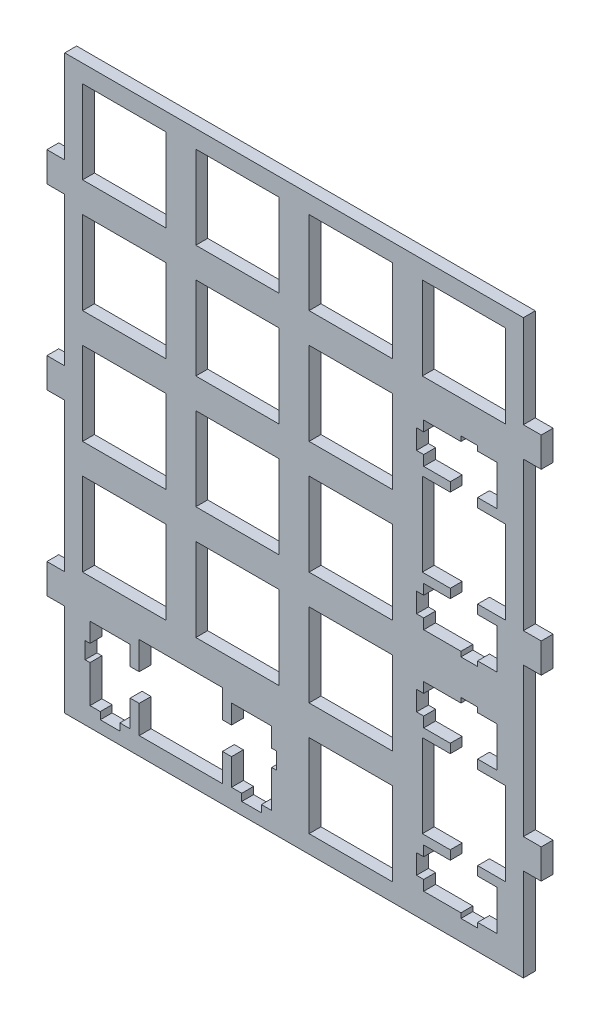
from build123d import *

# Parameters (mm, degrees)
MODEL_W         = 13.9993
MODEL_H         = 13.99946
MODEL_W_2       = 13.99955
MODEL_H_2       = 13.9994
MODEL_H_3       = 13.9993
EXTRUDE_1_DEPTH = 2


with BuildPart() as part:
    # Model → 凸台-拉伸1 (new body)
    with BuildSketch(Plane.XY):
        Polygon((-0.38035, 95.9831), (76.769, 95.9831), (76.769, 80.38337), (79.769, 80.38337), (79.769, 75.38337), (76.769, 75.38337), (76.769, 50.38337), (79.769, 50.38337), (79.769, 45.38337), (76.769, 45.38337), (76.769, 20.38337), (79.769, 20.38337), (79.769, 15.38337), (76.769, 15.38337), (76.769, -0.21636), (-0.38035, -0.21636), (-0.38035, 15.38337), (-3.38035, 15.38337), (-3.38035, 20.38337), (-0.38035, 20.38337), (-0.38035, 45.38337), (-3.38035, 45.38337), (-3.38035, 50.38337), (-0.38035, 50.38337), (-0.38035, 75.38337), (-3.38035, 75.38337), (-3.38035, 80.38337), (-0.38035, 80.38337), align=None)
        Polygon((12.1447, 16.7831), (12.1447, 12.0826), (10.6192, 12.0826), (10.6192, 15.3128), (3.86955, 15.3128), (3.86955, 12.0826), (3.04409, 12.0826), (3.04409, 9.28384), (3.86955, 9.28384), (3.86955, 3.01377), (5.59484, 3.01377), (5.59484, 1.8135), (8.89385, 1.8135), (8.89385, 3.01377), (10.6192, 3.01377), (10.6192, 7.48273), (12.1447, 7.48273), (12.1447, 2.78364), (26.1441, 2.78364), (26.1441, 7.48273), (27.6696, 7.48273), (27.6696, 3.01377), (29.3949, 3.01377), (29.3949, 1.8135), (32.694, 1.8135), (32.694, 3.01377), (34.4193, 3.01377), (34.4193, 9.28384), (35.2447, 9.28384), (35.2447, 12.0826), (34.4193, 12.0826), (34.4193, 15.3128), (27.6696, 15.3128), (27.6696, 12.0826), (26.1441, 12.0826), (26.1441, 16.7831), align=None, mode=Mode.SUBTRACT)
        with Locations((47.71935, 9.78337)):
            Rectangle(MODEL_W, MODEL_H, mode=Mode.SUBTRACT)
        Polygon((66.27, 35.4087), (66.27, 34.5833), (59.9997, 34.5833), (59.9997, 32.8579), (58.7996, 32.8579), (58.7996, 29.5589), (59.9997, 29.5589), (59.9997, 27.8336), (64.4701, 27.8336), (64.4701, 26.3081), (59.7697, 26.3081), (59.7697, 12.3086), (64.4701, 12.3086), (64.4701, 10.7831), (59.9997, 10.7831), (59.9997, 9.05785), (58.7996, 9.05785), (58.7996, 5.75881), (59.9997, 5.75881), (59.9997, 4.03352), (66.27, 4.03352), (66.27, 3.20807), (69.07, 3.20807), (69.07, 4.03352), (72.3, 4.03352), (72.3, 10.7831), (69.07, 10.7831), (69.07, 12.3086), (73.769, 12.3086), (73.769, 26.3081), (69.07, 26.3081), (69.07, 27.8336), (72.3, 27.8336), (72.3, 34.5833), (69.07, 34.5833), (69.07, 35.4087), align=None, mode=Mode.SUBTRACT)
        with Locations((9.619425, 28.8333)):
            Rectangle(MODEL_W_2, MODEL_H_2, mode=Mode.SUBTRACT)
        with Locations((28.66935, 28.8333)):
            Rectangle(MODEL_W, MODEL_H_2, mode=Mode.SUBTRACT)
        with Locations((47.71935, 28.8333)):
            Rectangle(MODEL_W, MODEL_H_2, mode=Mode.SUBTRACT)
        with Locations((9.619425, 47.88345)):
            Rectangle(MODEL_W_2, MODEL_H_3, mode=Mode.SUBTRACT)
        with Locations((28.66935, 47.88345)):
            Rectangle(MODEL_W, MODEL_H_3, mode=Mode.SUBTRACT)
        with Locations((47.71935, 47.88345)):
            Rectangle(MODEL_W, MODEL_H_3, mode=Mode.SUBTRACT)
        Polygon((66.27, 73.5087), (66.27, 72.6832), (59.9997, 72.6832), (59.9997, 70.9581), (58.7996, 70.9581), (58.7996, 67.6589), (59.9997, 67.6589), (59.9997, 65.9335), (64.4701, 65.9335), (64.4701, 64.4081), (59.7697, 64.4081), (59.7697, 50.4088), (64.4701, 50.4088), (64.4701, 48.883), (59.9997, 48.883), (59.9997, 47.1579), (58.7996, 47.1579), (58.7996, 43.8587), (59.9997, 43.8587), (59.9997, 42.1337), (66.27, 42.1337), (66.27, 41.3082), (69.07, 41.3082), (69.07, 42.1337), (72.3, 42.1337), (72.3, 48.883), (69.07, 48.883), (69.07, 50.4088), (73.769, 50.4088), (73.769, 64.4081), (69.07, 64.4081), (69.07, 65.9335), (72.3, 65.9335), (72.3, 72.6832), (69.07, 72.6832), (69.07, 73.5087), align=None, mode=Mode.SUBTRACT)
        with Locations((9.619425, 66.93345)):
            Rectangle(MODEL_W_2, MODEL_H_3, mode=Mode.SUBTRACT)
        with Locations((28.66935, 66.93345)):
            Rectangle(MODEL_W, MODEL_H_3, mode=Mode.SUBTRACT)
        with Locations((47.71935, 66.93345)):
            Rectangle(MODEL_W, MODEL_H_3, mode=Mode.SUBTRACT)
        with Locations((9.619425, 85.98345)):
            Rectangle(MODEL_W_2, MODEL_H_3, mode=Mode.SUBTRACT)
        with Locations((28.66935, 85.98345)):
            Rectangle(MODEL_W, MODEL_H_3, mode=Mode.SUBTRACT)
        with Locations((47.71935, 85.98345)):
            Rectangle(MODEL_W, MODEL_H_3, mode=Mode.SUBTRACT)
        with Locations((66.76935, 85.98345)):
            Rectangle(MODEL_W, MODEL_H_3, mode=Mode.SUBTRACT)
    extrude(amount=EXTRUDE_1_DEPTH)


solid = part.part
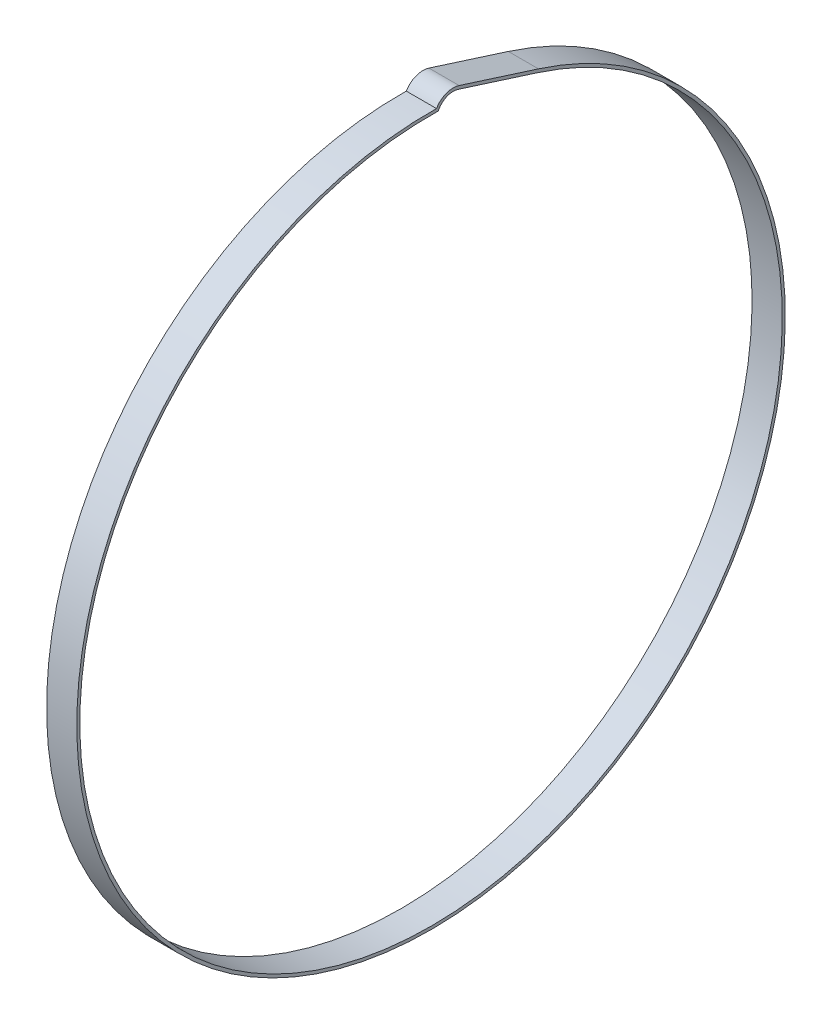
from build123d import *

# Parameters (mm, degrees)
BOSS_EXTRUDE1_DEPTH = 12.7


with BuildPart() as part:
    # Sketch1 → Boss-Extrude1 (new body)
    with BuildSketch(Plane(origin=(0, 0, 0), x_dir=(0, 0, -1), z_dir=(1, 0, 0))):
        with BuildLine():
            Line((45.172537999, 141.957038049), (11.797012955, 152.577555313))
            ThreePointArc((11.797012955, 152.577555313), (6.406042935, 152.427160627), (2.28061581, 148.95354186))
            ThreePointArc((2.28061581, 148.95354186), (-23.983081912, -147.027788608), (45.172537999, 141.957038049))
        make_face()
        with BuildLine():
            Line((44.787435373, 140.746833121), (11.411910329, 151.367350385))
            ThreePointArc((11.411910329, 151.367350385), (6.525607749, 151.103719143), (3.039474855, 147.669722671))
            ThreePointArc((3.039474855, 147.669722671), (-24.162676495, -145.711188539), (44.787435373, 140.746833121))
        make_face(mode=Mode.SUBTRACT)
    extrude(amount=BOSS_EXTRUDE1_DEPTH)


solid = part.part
---
> **WORK TO COMPLETE**:
Give every line above again exactly, with no pictures.

> **ANSWER SPACE**:
from build123d import *

# Parameters (mm, degrees)
MODEL_W         = 13.9993
MODEL_H         = 13.99946
MODEL_W_2       = 13.99955
MODEL_H_2       = 13.9994
MODEL_H_3       = 13.9993
EXTRUDE_1_DEPTH = 2


with BuildPart() as part:
    # Model → 凸台-拉伸1 (new body)
    with BuildSketch(Plane.XY):
        Polygon((-0.38035, 95.9831), (76.769, 95.9831), (76.769, 80.38337), (79.769, 80.38337), (79.769, 75.38337), (76.769, 75.38337), (76.769, 50.38337), (79.769, 50.38337), (79.769, 45.38337), (76.769, 45.38337), (76.769, 20.38337), (79.769, 20.38337), (79.769, 15.38337), (76.769, 15.38337), (76.769, -0.21636), (-0.38035, -0.21636), (-0.38035, 15.38337), (-3.38035, 15.38337), (-3.38035, 20.38337), (-0.38035, 20.38337), (-0.38035, 45.38337), (-3.38035, 45.38337), (-3.38035, 50.38337), (-0.38035, 50.38337), (-0.38035, 75.38337), (-3.38035, 75.38337), (-3.38035, 80.38337), (-0.38035, 80.38337), align=None)
        Polygon((12.1447, 16.7831), (12.1447, 12.0826), (10.6192, 12.0826), (10.6192, 15.3128), (3.86955, 15.3128), (3.86955, 12.0826), (3.04409, 12.0826), (3.04409, 9.28384), (3.86955, 9.28384), (3.86955, 3.01377), (5.59484, 3.01377), (5.59484, 1.8135), (8.89385, 1.8135), (8.89385, 3.01377), (10.6192, 3.01377), (10.6192, 7.48273), (12.1447, 7.48273), (12.1447, 2.78364), (26.1441, 2.78364), (26.1441, 7.48273), (27.6696, 7.48273), (27.6696, 3.01377), (29.3949, 3.01377), (29.3949, 1.8135), (32.694, 1.8135), (32.694, 3.01377), (34.4193, 3.01377), (34.4193, 9.28384), (35.2447, 9.28384), (35.2447, 12.0826), (34.4193, 12.0826), (34.4193, 15.3128), (27.6696, 15.3128), (27.6696, 12.0826), (26.1441, 12.0826), (26.1441, 16.7831), align=None, mode=Mode.SUBTRACT)
        with Locations((47.71935, 9.78337)):
            Rectangle(MODEL_W, MODEL_H, mode=Mode.SUBTRACT)
        Polygon((66.27, 35.4087), (66.27, 34.5833), (59.9997, 34.5833), (59.9997, 32.8579), (58.7996, 32.8579), (58.7996, 29.5589), (59.9997, 29.5589), (59.9997, 27.8336), (64.4701, 27.8336), (64.4701, 26.3081), (59.7697, 26.3081), (59.7697, 12.3086), (64.4701, 12.3086), (64.4701, 10.7831), (59.9997, 10.7831), (59.9997, 9.05785), (58.7996, 9.05785), (58.7996, 5.75881), (59.9997, 5.75881), (59.9997, 4.03352), (66.27, 4.03352), (66.27, 3.20807), (69.07, 3.20807), (69.07, 4.03352), (72.3, 4.03352), (72.3, 10.7831), (69.07, 10.7831), (69.07, 12.3086), (73.769, 12.3086), (73.769, 26.3081), (69.07, 26.3081), (69.07, 27.8336), (72.3, 27.8336), (72.3, 34.5833), (69.07, 34.5833), (69.07, 35.4087), align=None, mode=Mode.SUBTRACT)
        with Locations((9.619425, 28.8333)):
            Rectangle(MODEL_W_2, MODEL_H_2, mode=Mode.SUBTRACT)
        with Locations((28.66935, 28.8333)):
            Rectangle(MODEL_W, MODEL_H_2, mode=Mode.SUBTRACT)
        with Locations((47.71935, 28.8333)):
            Rectangle(MODEL_W, MODEL_H_2, mode=Mode.SUBTRACT)
        with Locations((9.619425, 47.88345)):
            Rectangle(MODEL_W_2, MODEL_H_3, mode=Mode.SUBTRACT)
        with Locations((28.66935, 47.88345)):
            Rectangle(MODEL_W, MODEL_H_3, mode=Mode.SUBTRACT)
        with Locations((47.71935, 47.88345)):
            Rectangle(MODEL_W, MODEL_H_3, mode=Mode.SUBTRACT)
        Polygon((66.27, 73.5087), (66.27, 72.6832), (59.9997, 72.6832), (59.9997, 70.9581), (58.7996, 70.9581), (58.7996, 67.6589), (59.9997, 67.6589), (59.9997, 65.9335), (64.4701, 65.9335), (64.4701, 64.4081), (59.7697, 64.4081), (59.7697, 50.4088), (64.4701, 50.4088), (64.4701, 48.883), (59.9997, 48.883), (59.9997, 47.1579), (58.7996, 47.1579), (58.7996, 43.8587), (59.9997, 43.8587), (59.9997, 42.1337), (66.27, 42.1337), (66.27, 41.3082), (69.07, 41.3082), (69.07, 42.1337), (72.3, 42.1337), (72.3, 48.883), (69.07, 48.883), (69.07, 50.4088), (73.769, 50.4088), (73.769, 64.4081), (69.07, 64.4081), (69.07, 65.9335), (72.3, 65.9335), (72.3, 72.6832), (69.07, 72.6832), (69.07, 73.5087), align=None, mode=Mode.SUBTRACT)
        with Locations((9.619425, 66.93345)):
            Rectangle(MODEL_W_2, MODEL_H_3, mode=Mode.SUBTRACT)
        with Locations((28.66935, 66.93345)):
            Rectangle(MODEL_W, MODEL_H_3, mode=Mode.SUBTRACT)
        with Locations((47.71935, 66.93345)):
            Rectangle(MODEL_W, MODEL_H_3, mode=Mode.SUBTRACT)
        with Locations((9.619425, 85.98345)):
            Rectangle(MODEL_W_2, MODEL_H_3, mode=Mode.SUBTRACT)
        with Locations((28.66935, 85.98345)):
            Rectangle(MODEL_W, MODEL_H_3, mode=Mode.SUBTRACT)
        with Locations((47.71935, 85.98345)):
            Rectangle(MODEL_W, MODEL_H_3, mode=Mode.SUBTRACT)
        with Locations((66.76935, 85.98345)):
            Rectangle(MODEL_W, MODEL_H_3, mode=Mode.SUBTRACT)
    extrude(amount=EXTRUDE_1_DEPTH)


solid = part.part
from build123d import *

# Parameters (mm, degrees)
BOSS_EXTRUDE1_DEPTH = 12.7


with BuildPart() as part:
    # Sketch1 → Boss-Extrude1 (new body)
    with BuildSketch(Plane(origin=(0, 0, 0), x_dir=(0, 0, -1), z_dir=(1, 0, 0))):
        with BuildLine():
            Line((45.172537999, 141.957038049), (11.797012955, 152.577555313))
            ThreePointArc((11.797012955, 152.577555313), (6.406042935, 152.427160627), (2.28061581, 148.95354186))
            ThreePointArc((2.28061581, 148.95354186), (-23.983081912, -147.027788608), (45.172537999, 141.957038049))
        make_face()
        with BuildLine():
            Line((44.787435373, 140.746833121), (11.411910329, 151.367350385))
            ThreePointArc((11.411910329, 151.367350385), (6.525607749, 151.103719143), (3.039474855, 147.669722671))
            ThreePointArc((3.039474855, 147.669722671), (-24.162676495, -145.711188539), (44.787435373, 140.746833121))
        make_face(mode=Mode.SUBTRACT)
    extrude(amount=BOSS_EXTRUDE1_DEPTH)


solid = part.part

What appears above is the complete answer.